Xbox One will get more original Xbox games, but the process is “complicated”, according to the Xbox head honcho.
Fans of the original Xbox lineup of games were thrilled to hear that their classic games would become playable once again on current hardware when it was announced at E3 last year. To date, 13 original Xbox games have been brought forward via the backwards compatibility program, and the list includes some incredible titles like Star Wars: Knights of the Old Republic, Psychonauts, and Crimson Skies: High Road to Revenge.
But some were expecting to get a few more than 13 of Xbox’s 143 exclusive titles a little sooner. (there were many more Xbox games than that, but you can get many of the non-exclusive ones on PC). Phil Spencer, head of Xbox at Microsoft, took to Twitter on Saturday to give an update to patient fans.
There are a number of OG games in BC pipeline, they won't drop as often as the 360 games but team is working to validate and get permissions. More complicated with some just due to the age of the rights etc.— Phil Spencer (@XboxP3) January 27, 2018
"There are a number of [original Xbox] games in [the backward compatibility] pipeline,” Spencer wrote, adding, “they won't drop as often as the 360 games but team is working to validate and get permissions. More complicated with some just due to the age of the rights etc."
Licensing can be a huge headache when it comes to remaking older games. Often a rights holder will only sell a license for a specific title on a specific console or for a temporary timeframe. Once you want to create a new game for a new console, even if it’s technically just an update or ported version of the older game, you have to get a new license to legally be able to sell the new game.
Sometimes that’s relatively easy - most established IP holders would love to get more money for old property they weren’t really doing a whole lot with.

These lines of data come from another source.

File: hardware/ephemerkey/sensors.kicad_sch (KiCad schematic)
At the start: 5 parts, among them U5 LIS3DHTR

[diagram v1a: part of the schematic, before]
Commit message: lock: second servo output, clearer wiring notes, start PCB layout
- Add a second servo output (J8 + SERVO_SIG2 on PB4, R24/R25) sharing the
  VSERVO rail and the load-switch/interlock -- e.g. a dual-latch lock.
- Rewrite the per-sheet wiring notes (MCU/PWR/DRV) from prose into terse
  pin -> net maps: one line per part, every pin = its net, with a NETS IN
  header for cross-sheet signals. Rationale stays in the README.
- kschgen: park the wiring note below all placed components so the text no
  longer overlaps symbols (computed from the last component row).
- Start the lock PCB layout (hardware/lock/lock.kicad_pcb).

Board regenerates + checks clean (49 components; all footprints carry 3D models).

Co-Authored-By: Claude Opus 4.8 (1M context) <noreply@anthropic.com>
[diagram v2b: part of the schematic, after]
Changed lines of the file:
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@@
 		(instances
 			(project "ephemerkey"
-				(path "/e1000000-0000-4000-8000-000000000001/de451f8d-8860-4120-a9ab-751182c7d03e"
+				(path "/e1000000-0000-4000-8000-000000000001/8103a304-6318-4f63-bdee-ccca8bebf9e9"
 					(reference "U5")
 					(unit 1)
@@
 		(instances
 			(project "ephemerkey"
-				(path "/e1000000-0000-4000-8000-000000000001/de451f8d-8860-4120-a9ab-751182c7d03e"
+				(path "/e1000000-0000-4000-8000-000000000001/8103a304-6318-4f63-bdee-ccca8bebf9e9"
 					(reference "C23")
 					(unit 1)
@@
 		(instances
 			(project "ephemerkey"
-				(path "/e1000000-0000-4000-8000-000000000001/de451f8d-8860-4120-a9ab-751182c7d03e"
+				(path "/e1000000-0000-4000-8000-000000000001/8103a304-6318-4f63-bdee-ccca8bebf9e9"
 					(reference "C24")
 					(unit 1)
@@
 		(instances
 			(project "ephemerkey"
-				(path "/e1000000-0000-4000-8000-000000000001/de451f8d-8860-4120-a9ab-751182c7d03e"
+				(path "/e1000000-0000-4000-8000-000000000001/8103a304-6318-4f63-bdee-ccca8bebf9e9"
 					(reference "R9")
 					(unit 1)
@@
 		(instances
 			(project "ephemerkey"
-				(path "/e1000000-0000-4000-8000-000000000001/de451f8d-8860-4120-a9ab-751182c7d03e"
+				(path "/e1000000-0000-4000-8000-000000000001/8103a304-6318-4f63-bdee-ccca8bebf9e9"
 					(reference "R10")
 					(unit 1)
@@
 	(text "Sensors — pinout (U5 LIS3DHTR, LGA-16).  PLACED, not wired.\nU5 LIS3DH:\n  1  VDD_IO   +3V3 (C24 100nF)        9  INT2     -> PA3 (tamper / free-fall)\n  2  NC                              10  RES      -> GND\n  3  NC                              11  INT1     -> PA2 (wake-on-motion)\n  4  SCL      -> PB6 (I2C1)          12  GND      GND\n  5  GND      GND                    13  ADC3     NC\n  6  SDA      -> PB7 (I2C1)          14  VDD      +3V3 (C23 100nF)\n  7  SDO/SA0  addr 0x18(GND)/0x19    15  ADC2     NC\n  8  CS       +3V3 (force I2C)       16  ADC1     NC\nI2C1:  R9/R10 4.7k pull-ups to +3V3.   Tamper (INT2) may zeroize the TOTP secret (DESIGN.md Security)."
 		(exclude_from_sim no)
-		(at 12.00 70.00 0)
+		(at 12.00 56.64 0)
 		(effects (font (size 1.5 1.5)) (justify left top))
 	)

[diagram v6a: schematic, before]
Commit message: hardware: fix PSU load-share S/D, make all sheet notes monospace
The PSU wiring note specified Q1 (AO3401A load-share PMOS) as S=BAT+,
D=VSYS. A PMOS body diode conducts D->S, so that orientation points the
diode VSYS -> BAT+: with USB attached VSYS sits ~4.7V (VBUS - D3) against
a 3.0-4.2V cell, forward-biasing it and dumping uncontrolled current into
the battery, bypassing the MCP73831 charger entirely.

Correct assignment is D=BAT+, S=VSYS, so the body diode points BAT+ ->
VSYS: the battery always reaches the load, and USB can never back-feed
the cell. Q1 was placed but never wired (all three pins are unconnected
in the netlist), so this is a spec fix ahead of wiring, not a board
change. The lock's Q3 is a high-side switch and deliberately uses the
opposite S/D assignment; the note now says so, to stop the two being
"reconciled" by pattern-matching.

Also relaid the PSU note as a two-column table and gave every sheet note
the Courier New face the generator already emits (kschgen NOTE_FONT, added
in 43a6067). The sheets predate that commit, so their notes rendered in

But sometimes the IP gets sold to someone (or more often a corporation) that has plans for the property and doesn’t want to play ball. Or sometimes the IP just gets lost in a legal morass where it becomes unclear just who is the rights holder in the first place.
Add to that the technical challenge of getting a 10-year-old game to work on relatively current hardware, and it’s just often easier (and more profitable) for Microsoft to update a 360 title than an original Xbox title.
But Microsoft remains committed, according to reports, so expect to see more original Xbox games on Games Pass and the Xbox store soon.